Combined urinary testing for T2:ERG and PCA3 can avert unnecessary biopsy while retaining robust sensitivity for detecting aggressive prostate cancer with consequent potential health care cost savings.
积极治疗(Gleason 评分≥7)早期前列腺癌可能带来生存获益,但前列腺活检的潜在危害和惰性疾病的过度诊断会削弱这种获益。
评估联合检测数字直肠检查后尿液中 PCA3 和 TMPRSS2:ERG(T2:ERG)RNA 的预先假设主要假设,即与单独检测前列腺特异性抗原相比,该方法能否提高检测 Gleason 评分≥7 的癌症的特异性。次要目标是评估这种尿液 RNA 检测对医疗保健成本的潜在影响。
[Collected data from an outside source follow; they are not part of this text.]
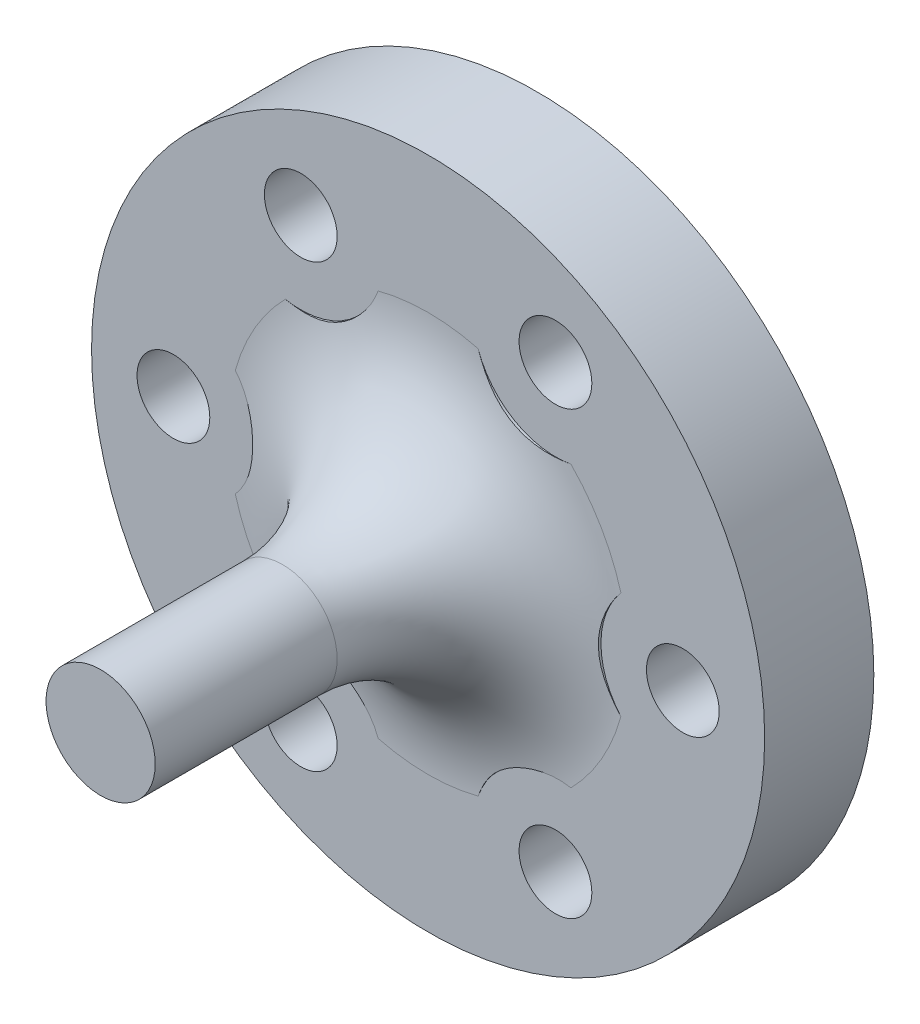
SolidWorks part; units mm, degrees
ref_plane "Front Plane" through (0, 0, 0) normal (0, 0, 1) x (1, 0, 0)
ref_plane "Top Plane" through (0, 0, 0) normal (0, 1, 0) x (1, 0, 0)
ref_plane "Right Plane" through (0, 0, 0) normal (1, 0, 0) x (0, 0, -1)
sketch "Sketch1" plane through (0, 0, 0) normal (0, 0, 1) x (1, 0, 0)
  circle A0 centre (0, 0) radius 18.5
  dimension "D1" = 37
extrude "Boss-Extrude1" add sketch "Sketch1" along normal blind 6
sketch "Sketch3" plane through (0, 0, 6) normal (0, 0, 1) x (1, 0, 0)
  circle A0 centre (-14, 0) radius 2
  circle A1 centre (-7, 12.1244) radius 2
  circle A2 centre (7, 12.1244) radius 2
  circle A3 centre (14, 0) radius 2
  circle A4 centre (7, -12.1244) radius 2
  circle A5 centre (-7, -12.1244) radius 2
  circle A6 centre (0, 0) radius 14 construction
  point P16 (0, 0)
  dimension "D1" = 4
  dimension "D4" = 28
  dimension "D5" = 60
  dimension "D3" = 6
extrude "Cut-Extrude1" cut sketch "Sketch3" against normal up to surface (6 mm away) up to face at (18.5, 0, 0)
ref_plane "Plane1" through (0, 0, 24) normal (0, 0, 1) x (1, 0, 0)
sketch "Sketch4" plane through (0, 0, 24) normal (0, 0, 1) x (1, 0, 0)
  circle A1 centre (0, 0) radius 3
  dimension "D1" = 6
sketch "Sketch7" plane through (0, 0, 24) normal (0, 0, 1) x (1, 0, 0)
  circle A0 centre (0, 0) radius 3
  dimension "D1" = 6
extrude "Boss-Extrude4" add sketch "Sketch7" against normal up to surface (18 mm away) up to face at (-12, 0, 6)
fillet "Fillet3" radius 8 1 edges at (3, 0, 6)
sketch "Sketch8" plane through (0, 0, 6) normal (0, 0, 1) x (1, 0, 0)
  circle A0 centre (-14, 0) radius 4.5
  circle A1 centre (0, 0) radius 14 construction
  circle A2 centre (-7, 12.1244) radius 4.5
  circle A3 centre (7, 12.1244) radius 4.5
  circle A4 centre (14, 0) radius 4.5
  circle A5 centre (7, -12.1244) radius 4.5
  circle A6 centre (-7, -12.1244) radius 4.5
  point P7 (0, 0)
  point P18 (0, 0)
  dimension "D1" = 9
  dimension "D2" = 28
  dimension "D4" = 60
  dimension "D3" = 6
extrude "Cut-Extrude2" cut sketch "Sketch8" along normal blind 10
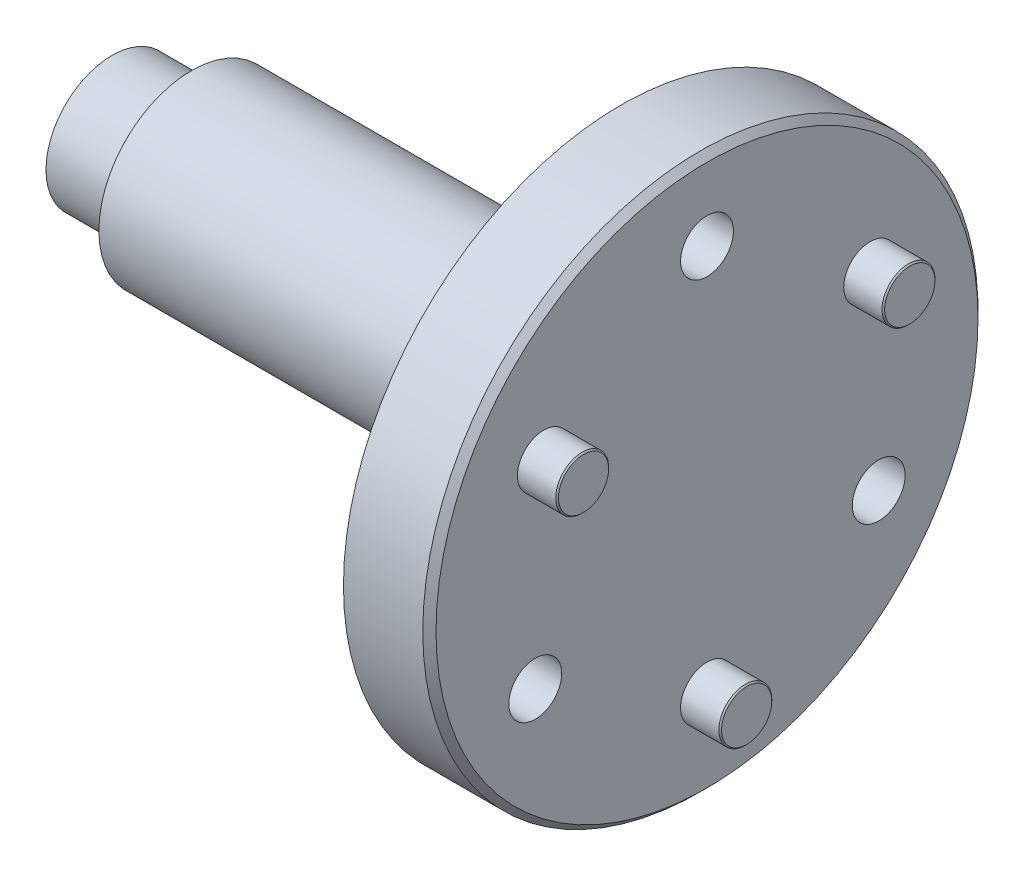
SolidWorks part; units mm, degrees
ref_plane "Front Plane" through (0, 0, 0) normal (0, 0, 1) x (1, 0, 0)
ref_plane "Top Plane" through (0, 0, 0) normal (0, 1, 0) x (1, 0, 0)
ref_plane "Right Plane" through (0, 0, 0) normal (1, 0, 0) x (0, 0, -1)
sketch "Sketch1" plane through (0, 0, 0) normal (0, 0, 1) x (1, 0, 0)
  line L0 (-22.25, 0) -> (-22.25, 5)
  line L1 (55, 0) -> (-55, 0) construction
  line L2 (-22.25, 5) -> (-16.25, 5)
  line L3 (-16.25, 5) -> (-16.25, 7)
  line L4 (-16.25, 7) -> (16.25, 7)
  line L5 (16.25, 7) -> (16.25, 21)
  line L6 (16.25, 21) -> (22.75, 21)
  line L7 (22.75, 21) -> (22.75, 0)
  line L8 (22.75, 0) -> (-22.25, 0)
  line L9 (-54.0782, 0) -> (43.783, 0) construction
  line L10 (0, -44.7868) -> (0, 44.7868) construction
  dimension "D1" = 6
  dimension "D2" = 6.5
  dimension "D3" = 32.5
  dimension "D4" = 16.25
  dimension "D5" = 5
  dimension "D6" = 21
  dimension "D7" = 7
revolve "Revolve1" add sketch "Sketch1" angle 360 about L9
chamfer "Chamfer1" distance 0.5 angle 45 1 edges at (22.75, 0, 21)
sketch "Sketch2" plane through (22.75, 0, 0) normal (1, 0, 0) x (0, 0, -1)
  line L0 (0, 44.2539) -> (0, -44.2539) construction
  circle A0 centre (0, 15) radius 2
  dimension "D1" = 15
  dimension "D2" = 4
extrude "Cut-Extrude1" cut sketch "Sketch2" against normal up to surface (6.5 mm away) up to face at (16.25, 0, 7)
pattern_circular "CirPattern1" count 3 over 360 about axis through (0, 0, 0) along (1, 0, 0) of "Cut-Extrude1"
sketch "Sketch3" plane through (22.75, 0, 0) normal (1, 0, 0) x (0, 0, -1)
  line L0 (0, 0) -> (12.3409, 7.125) construction
  line L2 (0, 44.2539) -> (0, -44.2539) construction
  circle A0 centre (12.3409, 7.125) radius 2
  dimension "D1" = 14.25
  dimension "D3" = 4
  dimension "D2" = 60
extrude "Boss-Extrude1" add sketch "Sketch3" along normal blind 3
chamfer "Chamfer2" distance 0.1 angle 45 1 edges at (25.75, 7.125, -14.3409)
pattern_circular "CirPattern3" count 3 over 360 about axis through (0, 0, 0) along (1, 0, 0) of "Chamfer2", "Boss-Extrude1"

设计、地点和参与者:前瞻性、多中心学术和社区门诊泌尿科临床诊断评估和验证。参与者为首次前列腺活检时无前列腺癌既往史的男性:516 名合格参与者来自于发展队列中的 748 名前瞻性队列参与者,561 名合格参与者来自验证队列中的 928 名参与者。
干预/暴露:前列腺活检前检测尿液 PCA3 和 T2:ERG RNA。
前列腺活检中存在 Gleason 评分≥7 的前列腺癌。病理检测结果对尿液检测结果进行了盲法评估。在发展队列中,使用尿液 RNA 检测构建了一个多重决策算法,以优化特异性,同时保持 95%的敏感性,用于预测初始活检时的侵袭性前列腺癌。通过预设分析,根据前瞻性样本采集、回顾性盲法评估(PRoBE)标准,在另一个多中心队列中对发现进行了验证。通过对观察到的活检结果和以前报告的治疗结果进行建模,评估了尿液检测策略的成本效果。
在发展队列的 516 名男性(平均年龄 62 岁;范围 33-85 岁)中,联合检测尿液 T2:ERG 和 PCA3 的阈值,同时保持 95%的检测侵袭性前列腺癌的敏感性,特异性从 18%提高到 39%。在验证队列的 561 名男性(平均年龄 62 岁;范围 27-86 岁)中,分析结果证实了特异性的提高(从 17%提高到 33%;单侧 95%CI 的下限为 0.73%;预设单侧 P=0.04),同时保持了检测侵袭性前列腺癌的高敏感性(93%)。如果使用尿液检测结果选择进行活检的男性,42%的不必要的前列腺活检可以避免。成本分析表明,这种尿液检测算法限制前列腺活检在年轻男性中具有更大的成本效益。
联合检测尿液 T2:ERG 和 PCA3 可以避免不必要的活检,同时保持检测侵袭性前列腺癌的强大敏感性,从而可能节省医疗保健成本。